WHAT YOU WILL DO:
Return exactly the span of lines in the following data that opens with the line containing "FILE_DESCRIPTION(('STEP AP214'),'2;1');" and closes with the line containing "#10=(LENGTH_UNIT() NAMED_UNIT(*) SI_UNIT(.MILLI.,.METRE.));". Include nothing else.

-------- DATA PROVIDED --------

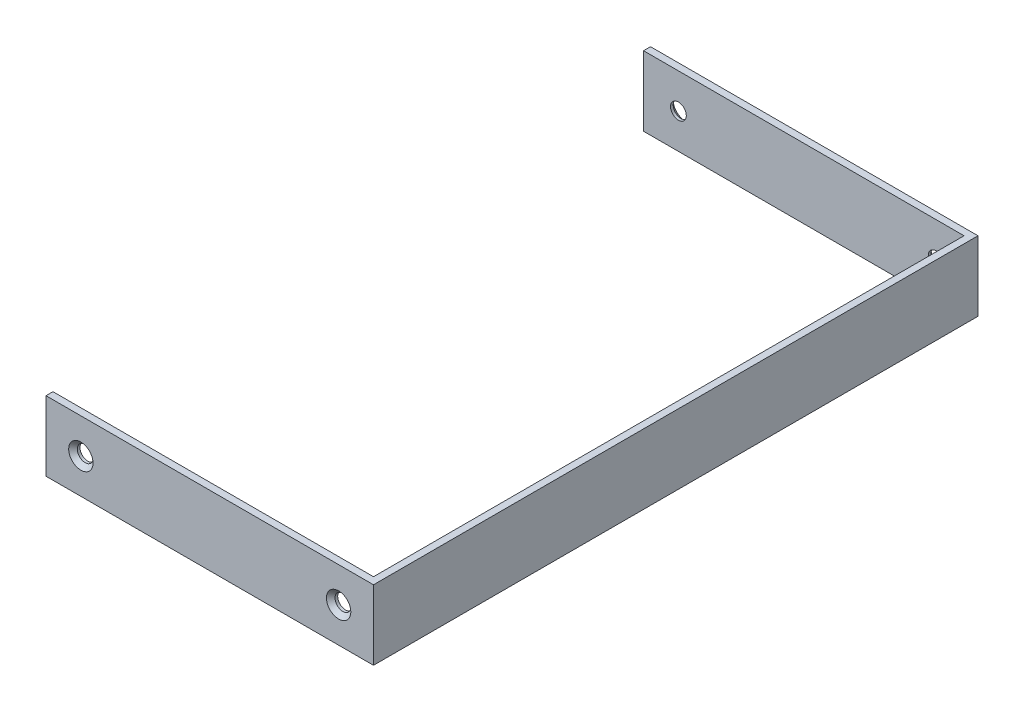
ISO-10303-21;
HEADER;
FILE_DESCRIPTION(('STEP AP214'),'2;1');
FILE_NAME('part.step','',(''),(''),'','','');
FILE_SCHEMA(('AUTOMOTIVE_DESIGN { 1 0 10303 214 1 1 1 1 }'));
ENDSEC;
DATA;
#1=APPLICATION_CONTEXT('core data for automotive mechanical design processes');
#2=APPLICATION_PROTOCOL_DEFINITION('international standard','automotive_design',2000,#1);
#3=PRODUCT_CONTEXT('',#1,'mechanical');
#4=PRODUCT('Part','Part','',(#3));
#5=PRODUCT_RELATED_PRODUCT_CATEGORY('part','',(#4));
#6=PRODUCT_DEFINITION_FORMATION('','',#4);
#7=PRODUCT_DEFINITION_CONTEXT('part definition',#1,'design');
#8=PRODUCT_DEFINITION('design','',#6,#7);
#9=PRODUCT_DEFINITION_SHAPE('','',#8);
#10=(LENGTH_UNIT() NAMED_UNIT(*) SI_UNIT(.MILLI.,.METRE.));
#11=(NAMED_UNIT(*) PLANE_ANGLE_UNIT() SI_UNIT($,.RADIAN.));
#12=(NAMED_UNIT(*) SI_UNIT($,.STERADIAN.) SOLID_ANGLE_UNIT());
#13=UNCERTAINTY_MEASURE_WITH_UNIT(LENGTH_MEASURE(1.E-05),#10,'distance_accuracy_value','');
#14=(GEOMETRIC_REPRESENTATION_CONTEXT(3) GLOBAL_UNCERTAINTY_ASSIGNED_CONTEXT((#13)) GLOBAL_UNIT_ASSIGNED_CONTEXT((#10,
#11,#12)) REPRESENTATION_CONTEXT('',''));
#15=CARTESIAN_POINT('',(0.,0.,0.));
#16=DIRECTION('',(0.,0.,1.));
#17=DIRECTION('',(1.,0.,0.));
#18=AXIS2_PLACEMENT_3D('',#15,#16,#17);
#19=CARTESIAN_POINT('',(-44.7153411,9.52500000000001,82.5383333143333));
#20=DIRECTION('',(1.,0.,0.));
#21=DIRECTION('',(0.,0.,-1.));
#22=AXIS2_PLACEMENT_3D('',#19,#20,#21);
#23=PLANE('',#22);
#24=DIRECTION('',(0.,0.,-1.));
#25=VECTOR('',#24,1.);
#26=CARTESIAN_POINT('',(-44.7153411,9.52500000000001,82.5383333143333));
#27=LINE('',#26,#25);
#28=CARTESIAN_POINT('',(-44.7153411,9.52500000000001,82.5383333143333));
#29=VERTEX_POINT('',#28);
#30=CARTESIAN_POINT('',(-44.7153411,9.52500000000001,80.6333333143333));
#31=VERTEX_POINT('',#30);
#32=EDGE_CURVE('E48',#29,#31,#27,.T.);
#33=ORIENTED_EDGE('',*,*,#32,.T.);
#34=DIRECTION('',(0.,-1.,0.));
#35=VECTOR('',#34,1.);
#36=CARTESIAN_POINT('',(-44.7153411,9.52500000000001,80.6333333143333));
#37=LINE('',#36,#35);
#38=CARTESIAN_POINT('',(-44.7153411,-9.52500000000001,80.6333333143333));
#39=VERTEX_POINT('',#38);
#40=EDGE_CURVE('E181',#31,#39,#37,.T.);
#41=ORIENTED_EDGE('',*,*,#40,.T.);
#42=DIRECTION('',(0.,0.,-1.));
#43=VECTOR('',#42,1.);
#44=CARTESIAN_POINT('',(-44.7153411,-9.52500000000001,82.5383333143333));
#45=LINE('',#44,#43);
#46=CARTESIAN_POINT('',(-44.7153411,-9.52500000000001,82.5383333143333));
#47=VERTEX_POINT('',#46);
#48=EDGE_CURVE('E134',#47,#39,#45,.T.);
#49=ORIENTED_EDGE('',*,*,#48,.F.);
#50=DIRECTION('',(0.,-1.,0.));
#51=VECTOR('',#50,1.);
#52=CARTESIAN_POINT('',(-44.7153411,9.52500000000001,82.5383333143333));
#53=LINE('',#52,#51);
#54=EDGE_CURVE('E191',#29,#47,#53,.T.);
#55=ORIENTED_EDGE('',*,*,#54,.F.);
#56=EDGE_LOOP('',(#33,#41,#49,#55));
#57=FACE_BOUND('',#56,.T.);
#58=ADVANCED_FACE('F39',(#57),#23,.F.);
#59=CARTESIAN_POINT('',(44.7153411,9.525,82.5383333143333));
#60=DIRECTION('',(-1.,0.,0.));
#61=DIRECTION('',(0.,0.,1.));
#62=AXIS2_PLACEMENT_3D('',#59,#60,#61);
#63=PLANE('',#62);
#64=DIRECTION('',(0.,1.,0.));
#65=VECTOR('',#64,1.);
#66=CARTESIAN_POINT('',(44.7153411,9.525,-82.5383333143333));
#67=LINE('',#66,#65);
#68=CARTESIAN_POINT('',(44.7153411,-9.525,-82.5383333143333));
#69=VERTEX_POINT('',#68);
#70=CARTESIAN_POINT('',(44.7153411,9.525,-82.5383333143333));
#71=VERTEX_POINT('',#70);
#72=EDGE_CURVE('E184',#69,#71,#67,.T.);
#73=ORIENTED_EDGE('',*,*,#72,.T.);
#74=DIRECTION('',(0.,0.,-1.));
#75=VECTOR('',#74,1.);
#76=CARTESIAN_POINT('',(44.7153411,9.525,82.5383333143333));
#77=LINE('',#76,#75);
#78=CARTESIAN_POINT('',(44.7153411,9.525,82.5383333143333));
#79=VERTEX_POINT('',#78);
#80=EDGE_CURVE('E11',#79,#71,#77,.T.);
#81=ORIENTED_EDGE('',*,*,#80,.F.);
#82=DIRECTION('',(0.,1.,0.));
#83=VECTOR('',#82,1.);
#84=CARTESIAN_POINT('',(44.7153411,9.525,82.5383333143333));
#85=LINE('',#84,#83);
#86=CARTESIAN_POINT('',(44.7153411,-9.525,82.5383333143333));
#87=VERTEX_POINT('',#86);
#88=EDGE_CURVE('E188',#87,#79,#85,.T.);
#89=ORIENTED_EDGE('',*,*,#88,.F.);
#90=DIRECTION('',(0.,0.,-1.));
#91=VECTOR('',#90,1.);
#92=CARTESIAN_POINT('',(44.7153411,-9.525,82.5383333143333));
#93=LINE('',#92,#91);
#94=EDGE_CURVE('E194',#87,#69,#93,.T.);
#95=ORIENTED_EDGE('',*,*,#94,.T.);
#96=EDGE_LOOP('',(#73,#81,#89,#95));
#97=FACE_BOUND('',#96,.T.);
#98=ADVANCED_FACE('F41',(#97),#63,.F.);
#99=CARTESIAN_POINT('',(44.7153411,9.525,82.5383333143333));
#100=DIRECTION('',(0.,-1.,0.));
#101=DIRECTION('',(1.,0.,0.));
#102=AXIS2_PLACEMENT_3D('',#99,#100,#101);
#103=PLANE('',#102);
#104=DIRECTION('',(0.,0.,1.));
#105=VECTOR('',#104,1.);
#106=CARTESIAN_POINT('',(42.8103411,9.52500000000001,80.6333333143333));
#107=LINE('',#106,#105);
#108=CARTESIAN_POINT('',(42.8103411,9.52500000000001,-80.6333333143333));
#109=VERTEX_POINT('',#108);
#110=CARTESIAN_POINT('',(42.8103411,9.52500000000001,80.6333333143333));
#111=VERTEX_POINT('',#110);
#112=EDGE_CURVE('E119',#109,#111,#107,.T.);
#113=ORIENTED_EDGE('',*,*,#112,.T.);
#114=DIRECTION('',(-1.,0.,0.));
#115=VECTOR('',#114,1.);
#116=CARTESIAN_POINT('',(-44.7153411,9.52500000000001,80.6333333143333));
#117=LINE('',#116,#115);
#118=EDGE_CURVE('E129',#111,#31,#117,.T.);
#119=ORIENTED_EDGE('',*,*,#118,.T.);
#120=ORIENTED_EDGE('',*,*,#32,.F.);
#121=DIRECTION('',(-1.,0.,0.));
#122=VECTOR('',#121,1.);
#123=CARTESIAN_POINT('',(44.7153411,9.525,82.5383333143333));
#124=LINE('',#123,#122);
#125=EDGE_CURVE('E92',#79,#29,#124,.T.);
#126=ORIENTED_EDGE('',*,*,#125,.F.);
#127=ORIENTED_EDGE('',*,*,#80,.T.);
#128=DIRECTION('',(-1.,0.,0.));
#129=VECTOR('',#128,1.);
#130=CARTESIAN_POINT('',(44.7153411,9.525,-82.5383333143333));
#131=LINE('',#130,#129);
#132=CARTESIAN_POINT('',(-44.7153411,9.52500000000001,-82.5383333143333));
#133=VERTEX_POINT('',#132);
#134=EDGE_CURVE('E132',#71,#133,#131,.T.);
#135=ORIENTED_EDGE('',*,*,#134,.T.);
#136=CARTESIAN_POINT('',(-44.7153411,9.52500000000001,-80.6333333143333));
#137=VERTEX_POINT('',#136);
#138=EDGE_CURVE('E126',#137,#133,#27,.T.);
#139=ORIENTED_EDGE('',*,*,#138,.F.);
#140=DIRECTION('',(1.,0.,0.));
#141=VECTOR('',#140,1.);
#142=CARTESIAN_POINT('',(-44.7153411,9.52500000000001,-80.6333333143333));
#143=LINE('',#142,#141);
#144=EDGE_CURVE('E113',#137,#109,#143,.T.);
#145=ORIENTED_EDGE('',*,*,#144,.T.);
#146=EDGE_LOOP('',(#113,#119,#120,#126,#127,#135,#139,#145));
#147=FACE_BOUND('',#146,.T.);
#148=ADVANCED_FACE('F131',(#147),#103,.F.);
#149=CARTESIAN_POINT('',(-44.7153411,-9.52500000000001,-80.6333333143333));
#150=VERTEX_POINT('',#149);
#151=CARTESIAN_POINT('',(-44.7153411,-9.52500000000001,-82.5383333143333));
#152=VERTEX_POINT('',#151);
#153=EDGE_CURVE('E128',#150,#152,#45,.T.);
#154=ORIENTED_EDGE('',*,*,#153,.F.);
#155=DIRECTION('',(0.,-1.,0.));
#156=VECTOR('',#155,1.);
#157=CARTESIAN_POINT('',(-44.7153411,9.52500000000001,-80.6333333143333));
#158=LINE('',#157,#156);
#159=EDGE_CURVE('E56',#137,#150,#158,.T.);
#160=ORIENTED_EDGE('',*,*,#159,.F.);
#161=ORIENTED_EDGE('',*,*,#138,.T.);
#162=DIRECTION('',(0.,-1.,0.));
#163=VECTOR('',#162,1.);
#164=CARTESIAN_POINT('',(-44.7153411,9.52500000000001,-82.5383333143333));
#165=LINE('',#164,#163);
#166=EDGE_CURVE('E198',#133,#152,#165,.T.);
#167=ORIENTED_EDGE('',*,*,#166,.T.);
#168=EDGE_LOOP('',(#154,#160,#161,#167));
#169=FACE_BOUND('',#168,.T.);
#170=ADVANCED_FACE('F124',(#169),#23,.F.);
#171=CARTESIAN_POINT('',(44.7153411,-9.525,82.5383333143333));
#172=DIRECTION('',(0.,1.,0.));
#173=DIRECTION('',(-1.,0.,0.));
#174=AXIS2_PLACEMENT_3D('',#171,#172,#173);
#175=PLANE('',#174);
#176=ORIENTED_EDGE('',*,*,#48,.T.);
#177=DIRECTION('',(-1.,0.,0.));
#178=VECTOR('',#177,1.);
#179=CARTESIAN_POINT('',(-44.7153411,-9.52500000000001,80.6333333143333));
#180=LINE('',#179,#178);
#181=CARTESIAN_POINT('',(42.8103411,-9.525,80.6333333143333));
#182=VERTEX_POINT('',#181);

--------

TASK RESULT:
FILE_DESCRIPTION(('STEP AP214'),'2;1');
FILE_NAME('part.step','',(''),(''),'','','');
FILE_SCHEMA(('AUTOMOTIVE_DESIGN { 1 0 10303 214 1 1 1 1 }'));
ENDSEC;
DATA;
#1=APPLICATION_CONTEXT('core data for automotive mechanical design processes');
#2=APPLICATION_PROTOCOL_DEFINITION('international standard','automotive_design',2000,#1);
#3=PRODUCT_CONTEXT('',#1,'mechanical');
#4=PRODUCT('Part','Part','',(#3));
#5=PRODUCT_RELATED_PRODUCT_CATEGORY('part','',(#4));
#6=PRODUCT_DEFINITION_FORMATION('','',#4);
#7=PRODUCT_DEFINITION_CONTEXT('part definition',#1,'design');
#8=PRODUCT_DEFINITION('design','',#6,#7);
#9=PRODUCT_DEFINITION_SHAPE('','',#8);
#10=(LENGTH_UNIT() NAMED_UNIT(*) SI_UNIT(.MILLI.,.METRE.));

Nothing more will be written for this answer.